• **ABOUT THIS EXERCISE**: In the entries that follow, the lines from the one with "mat_material.use_transparent_shadow = False" through the one with "n0 = _N.new('ShaderNodeOutputMaterial');" are the ones to write out, exactly and with both ends included. Nothing else should appear.
....
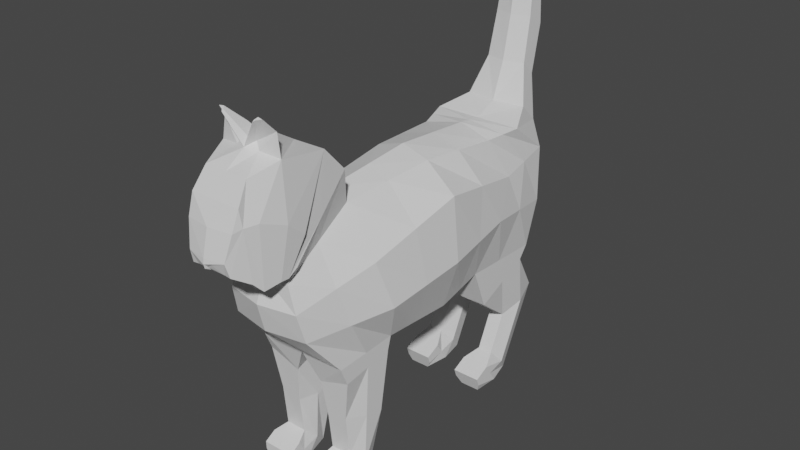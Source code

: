 # Source: CatEdit.blend  (saved by Blender 2.82.7; exported with 4.5.12 LTS)
import bpy
from mathutils import Matrix  # noqa: F401  (used for matrix-valued properties, if any)

bpy.ops.wm.read_factory_settings(use_empty=True)
scene = bpy.context.scene
scene.name = 'Scene'

# ---- collections
col_collection = bpy.data.collections.new('Collection'); scene.collection.children.link(col_collection)

# ---- materials (node trees are filled in below, after node groups)
mat_material = bpy.data.materials.new('Material')
mat_material.alpha_threshold = 0.0
mat_material.use_transparent_shadow = False
mat_material.line_color = (0.0, 0.0, 0.0, 1.0)

# ---- material node trees
mat_material.use_nodes = True; mat_material.node_tree.nodes.clear()
_N = mat_material.node_tree.nodes; _L = mat_material.node_tree.links
n0 = _N.new('ShaderNodeOutputMaterial'); n0.name = 'Material Output'; n0.location = (300, 300)
n1 = _N.new('ShaderNodeBsdfPrincipled'); n1.name = 'Principled BSDF'; n1.location = (10, 300)
n1.distribution = 'GGX'
n1.subsurface_method = 'BURLEY'
n1.inputs[2].default_value = 0.4
n1.inputs[3].default_value = 1.45
n1.inputs[27].default_value = (0.0, 0.0, 0.0, 1.0)
n1.inputs[28].default_value = 1.0
_L.new(n1.outputs[0], n0.inputs[0])
n0.is_active_output = True

# ---- world
world_world = bpy.data.worlds.new('World'); scene.world = world_world
world_world.use_nodes = True; world_world.node_tree.nodes.clear()
_N = world_world.node_tree.nodes; _L = world_world.node_tree.links
n0 = _N.new('ShaderNodeOutputWorld'); n0.name = 'World Output'; n0.location = (300, 300)
n1 = _N.new('ShaderNodeBackground'); n1.name = 'Background'; n1.location = (10, 300)
n1.inputs[0].default_value = (0.05088, 0.05088, 0.05088, 1.0)
_L.new(n1.outputs[0], n0.inputs[0])
n0.is_active_output = True
world_world.color = (0.05088, 0.05088, 0.05088)
world_world.use_sun_shadow = False
world_world.sun_shadow_jitter_overblur = 0.0

# ---- meshes
me_cube = bpy.data.meshes.new('Cube')
me_cube.from_pydata([(0.4518, 1.135, 0.6605), (0.4518, 1.404, -0.6605), (0.2716, -1.699, 0.1975), (0.4518, -1.316, -0.7314), (0.0, 1.404, -0.3845), (0.0, -1.699, 0.1975), (0.0, -1.316, -0.7314), (0.0, 1.135, 0.6605), (0.1911, -0.9183, 0.5917), (0.4518, -0.6773, -0.7015), (0.0, -0.6773, -0.7015), (0.0, -0.9183, 0.6684), (0.4518, 0.5531, -0.629), (0.3602, 0.8136, 0.6228), (0.0, 0.5531, -0.629), (0.0, 0.876, 0.692), (0.4518, 1.545, 0.3493), (0.366, -1.718, -0.04449), (0.0, 1.545, 0.3493), (0.0, -1.79, -0.04449), (0.5063, -0.9262, 0.1445), (0.4595, 1.026, 0.2154), (0.4518, 1.555, -0.2157), (0.395, -1.647, -0.326), (0.0, 1.568, 0.03517), (0.0, -1.719, -0.326), (0.6008, -0.8002, -0.3102), (0.5496, 0.7973, -0.137), (0.2765, 0.03005, 0.6697), (0.0, 0.06943, -0.7472), (0.0, 0.03005, 0.7551), (0.4518, 0.06943, -0.7472), (0.5629, 0.0458, 0.4044), (0.6356, 0.03005, -0.2157), (0.4518, 0.7182, -1.045), (0.4518, 1.308, -0.7853), (0.1703, 1.308, -0.7853), (0.1703, 0.7182, -1.045), (0.3937, 1.13, -1.365), (0.3975, 1.586, -1.2), (0.203, 1.586, -1.2), (0.2456, 1.13, -1.365), (0.3937, 0.9557, -1.736), (0.3975, 1.183, -2.011), (0.203, 1.183, -2.011), (0.2456, 0.9557, -1.736), (0.4518, 0.6476, -1.883), (0.4212, 0.7052, -2.046), (0.2231, 0.7052, -2.046), (0.1703, 0.6476, -1.883), (0.1378, -1.241, -1.015), (0.4518, -1.241, -0.9114), (0.1378, -0.7151, -0.8342), (0.4518, -0.7151, -0.8342), (0.1764, -1.16, -1.743), (0.3812, -1.16, -1.743), (0.1877, -0.9088, -1.987), (0.3916, -0.9088, -1.987), (0.1378, -1.387, -1.873), (0.4518, -1.387, -1.873), (0.1686, -1.381, -2.032), (0.3988, -1.381, -2.032), (0.0, 1.38, 0.7582), (0.3132, 1.431, 0.7582), (0.3132, 1.617, 0.5792), (0.0, 1.648, 0.5792), (0.0, 1.52, 1.123), (0.2039, 1.571, 1.123), (0.2039, 1.717, 0.9911), (0.0, 1.816, 0.9911), (0.0, 1.614, 1.554), (0.1871, 1.665, 1.554), (0.1871, 1.843, 1.451), (0.0, 1.91, 1.451), (0.0, 1.677, 2.009), (0.1621, 1.728, 2.009), (0.1621, 1.854, 1.897), (0.0, 1.917, 1.897), (0.0, 1.822, 2.529), (0.1152, 1.822, 2.529), (0.1152, 1.857, 2.472), (0.0, 1.92, 2.472), (0.3052, -1.05, 0.9669), (0.3439, -1.657, 0.3578), (0.0, -1.657, 0.3578), (0.0, -1.065, 0.9705), (0.3052, -1.274, 1.212), (0.3428, -1.749, 0.3003), (0.0, -1.749, 0.3003), (0.0, -1.289, 1.215), (0.3112, -1.733, 1.279), (0.3377, -1.824, 0.3015), (0.0, -1.824, 0.3015), (0.0, -1.666, 1.415), (0.2184, -2.001, 1.19), (0.2987, -1.969, 0.2652), (0.0, -1.969, 0.2653), (0.0, -2.001, 1.19), (0.2494, -2.124, 1.004), (0.2712, -2.056, 0.3557), (0.0, -2.064, 0.3631), (0.0, -2.124, 1.004), (0.2358, -2.19, 0.8189), (0.2042, -2.211, 0.4511), (0.0, -2.213, 0.4558), (0.0, -2.223, 0.8194), (0.1902, -2.246, 0.5797), (0.0, -2.28, 0.5786), (0.1451, -2.209, 0.4558), (0.3726, -1.757, 0.771), (0.003011, -2.243, 0.4908), (0.2678, -2.109, 0.8449), (0.3745, -1.585, 0.6256), (0.3149, -1.99, 0.855), (0.0, -2.275, 0.4908), (0.0, -2.286, 0.5319), (0.05047, -2.255, 0.5323), (0.1193, -1.767, 1.305), (0.07161, -1.649, 1.433), (0.09352, -1.675, 1.466), (0.2765, -1.729, 1.487), (0.0, -1.809, 1.319), (0.06694, -1.741, 1.365), (0.0, -1.742, 1.364), (0.1803, -1.815, 1.603), (0.228, -1.82, 1.598), (0.1618, -1.857, 1.573), (0.1791, -1.839, 1.585), (0.1618, -1.839, 1.585), (0.4518, -0.812, -1.411), (0.1378, -0.812, -1.411), (0.1764, -1.201, -1.379), (0.3812, -1.201, -1.327), (0.1378, -1.145, -2.01), (0.1378, -1.274, -1.808), (0.4518, -1.274, -1.808), (0.4518, -1.145, -2.01), (0.1703, 0.8017, -1.81), (0.4518, 0.8017, -1.81), (0.4518, 0.9443, -2.028), (0.1703, 0.9443, -2.028), (0.2338, -0.4441, 0.6307), (0.0, -0.3039, -0.7243), (0.0, -0.4441, 0.7117), (0.5346, -0.4402, 0.2745), (0.6182, -0.3851, -0.263), (0.4518, -0.3039, -0.7243), (0.4518, 0.3113, -0.6881), (0.3184, 0.4219, 0.6463), (0.0, 0.3113, -0.6881), (0.0, 0.453, 0.7235), (0.5112, 0.5357, 0.3099), (0.5926, 0.4137, -0.1763), (0.4518, 0.9387, -0.6448), (0.406, 0.9744, 0.6417), (0.0, 0.9387, -0.5068), (0.0, 1.006, 0.6763), (0.4556, 1.285, 0.2823), (0.5007, 1.183, -0.1763), (0.4518, 1.013, -0.9152), (0.1703, 1.013, -0.9152), (0.4518, 1.358, -1.282), (0.1703, 1.358, -1.282), (0.4518, 1.07, -1.873), (0.1703, 1.07, -1.873), (0.4518, 0.6764, -1.965), (0.1703, 0.6764, -1.965), (0.4518, 0.873, -1.919), (0.1703, 0.873, -1.919), (0.2313, -1.309, 0.3946), (0.0, -0.9968, -0.7165), (0.4518, -0.9968, -0.7165), (0.4361, -1.322, 0.05002), (0.4979, -1.224, -0.3181), (0.1378, -0.978, -0.9247), (0.4518, -0.978, -0.8728), (0.1378, -1.035, -1.865), (0.4518, -1.035, -1.865), (0.1378, -1.384, -1.953), (0.4518, -1.384, -1.953), (0.3245, -1.353, 0.6623), (0.4518, -1.006, -1.369), (0.1378, -1.006, -1.395), (0.4518, -1.209, -1.909), (0.1378, -1.209, -1.909)], [], [(171, 3, 51, 175), (172, 169, 2, 17), (18, 7, 62, 65), (17, 2, 5, 19), (169, 8, 82, 180), (141, 143, 11, 8), (144, 141, 8, 20), (142, 146, 9, 10), (12, 14, 37, 34), (157, 154, 13, 21), (154, 156, 15, 13), (158, 157, 21, 27), (145, 144, 20, 26), (23, 17, 19, 25), (24, 18, 16, 22), (173, 172, 17, 23), (171, 173, 23, 3), (4, 24, 22, 1), (3, 23, 25, 6), (146, 145, 26, 9), (153, 158, 27, 12), (147, 152, 33, 31), (152, 151, 32, 33), (149, 147, 31, 29), (151, 148, 28, 32), (148, 150, 30, 28), (160, 36, 40, 162), (155, 4, 36, 160), (4, 1, 35, 36), (153, 12, 34, 159), (161, 38, 42, 163), (159, 34, 38, 161), (34, 37, 41, 38), (36, 35, 39, 40), (138, 137, 49, 46), (38, 41, 45, 42), (40, 39, 43, 44), (162, 40, 44, 164), (166, 165, 46, 49), (140, 139, 47, 48), (168, 140, 48, 166), (167, 138, 46, 165), (130, 129, 57, 56), (170, 10, 52, 174), (10, 9, 53, 52), (3, 6, 50, 51), (184, 133, 60, 178), (182, 130, 56, 176), (181, 132, 55, 177), (132, 131, 54, 55), (178, 179, 59, 58), (183, 135, 59, 179), (135, 134, 58, 59), (133, 136, 61, 60), (64, 65, 69, 68), (7, 0, 63, 62), (0, 16, 64, 63), (16, 18, 65, 64), (69, 66, 70, 73), (63, 64, 68, 67), (65, 62, 66, 69), (62, 63, 67, 66), (73, 70, 74, 77), (66, 67, 71, 70), (68, 69, 73, 72), (67, 68, 72, 71), (76, 77, 81, 80), (70, 71, 75, 74), (72, 73, 77, 76), (71, 72, 76, 75), (81, 78, 79, 80), (75, 76, 80, 79), (77, 74, 78, 81), (74, 75, 79, 78), (83, 180, 82, 86, 112, 87), (11, 5, 84, 85), (5, 2, 83, 84), (8, 11, 85, 82), (86, 89, 93, 118, 90), (82, 85, 89, 86), (84, 83, 87, 88), (85, 84, 88, 89), (93, 92, 96, 97, 121, 123), (88, 87, 91, 92), (89, 88, 92, 93), (110, 116, 115, 114), (94, 97, 101, 98), (91, 109, 113, 95), (90, 117, 121, 97, 94), (92, 91, 95, 96), (100, 99, 103, 108, 104), (96, 95, 99, 100), (97, 96, 100, 101), (95, 113, 111, 99), (102, 105, 107, 106), (101, 100, 104, 107, 105), (99, 111, 102, 106, 103), (98, 101, 105, 102), (106, 108, 103), (104, 108, 110, 114), (102, 111, 98), (111, 113, 94, 98), (113, 109, 90, 94), (108, 106, 116, 110), (109, 112, 86, 90), (112, 109, 91, 87), (106, 107, 115, 116), (107, 104, 114, 115), (121, 122, 127, 126), (118, 123, 119), (123, 118, 93), (90, 118, 119, 120), (121, 117, 122), (117, 90, 120, 122), (126, 127, 125, 124, 128), (119, 123, 128, 124), (122, 120, 125, 127), (120, 119, 124, 125), (123, 121, 126, 128), (51, 50, 131, 132), (175, 51, 132, 181), (174, 52, 130, 182), (52, 53, 129, 130), (56, 57, 136, 133), (55, 54, 134, 135), (177, 55, 135, 183), (176, 56, 133, 184), (163, 42, 138, 167), (164, 44, 140, 168), (44, 43, 139, 140), (42, 45, 137, 138), (31, 33, 145, 146), (33, 32, 144, 145), (29, 31, 146, 142), (32, 28, 141, 144), (28, 30, 143, 141), (13, 15, 150, 148), (21, 13, 148, 151), (14, 12, 147, 149), (27, 21, 151, 152), (12, 27, 152, 147), (45, 164, 168, 137), (43, 163, 167, 139), (139, 167, 165, 47), (137, 168, 166, 49), (48, 47, 165, 166), (41, 162, 164, 45), (35, 159, 161, 39), (39, 161, 163, 43), (1, 153, 159, 35), (14, 155, 160, 37), (37, 160, 162, 41), (1, 22, 158, 153), (22, 16, 157, 158), (0, 7, 156, 154), (16, 0, 154, 157), (54, 176, 184, 134), (57, 177, 183, 136), (50, 174, 182, 131), (53, 175, 181, 129), (136, 183, 179, 61), (60, 61, 179, 178), (129, 181, 177, 57), (131, 182, 176, 54), (134, 184, 178, 58), (6, 170, 174, 50), (9, 26, 173, 171), (26, 20, 172, 173), (2, 169, 180, 83), (20, 8, 169, 172), (9, 171, 175, 53)])
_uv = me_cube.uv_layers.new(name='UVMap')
....
• **WRITTEN SOLUTION**:
mat_material.use_transparent_shadow = False
mat_material.line_color = (0.0, 0.0, 0.0, 1.0)

# ---- material node trees
mat_material.use_nodes = True; mat_material.node_tree.nodes.clear()
_N = mat_material.node_tree.nodes; _L = mat_material.node_tree.links
n0 = _N.new('ShaderNodeOutputMaterial'); n0.name = 'Material Output'; n0.location = (300, 300)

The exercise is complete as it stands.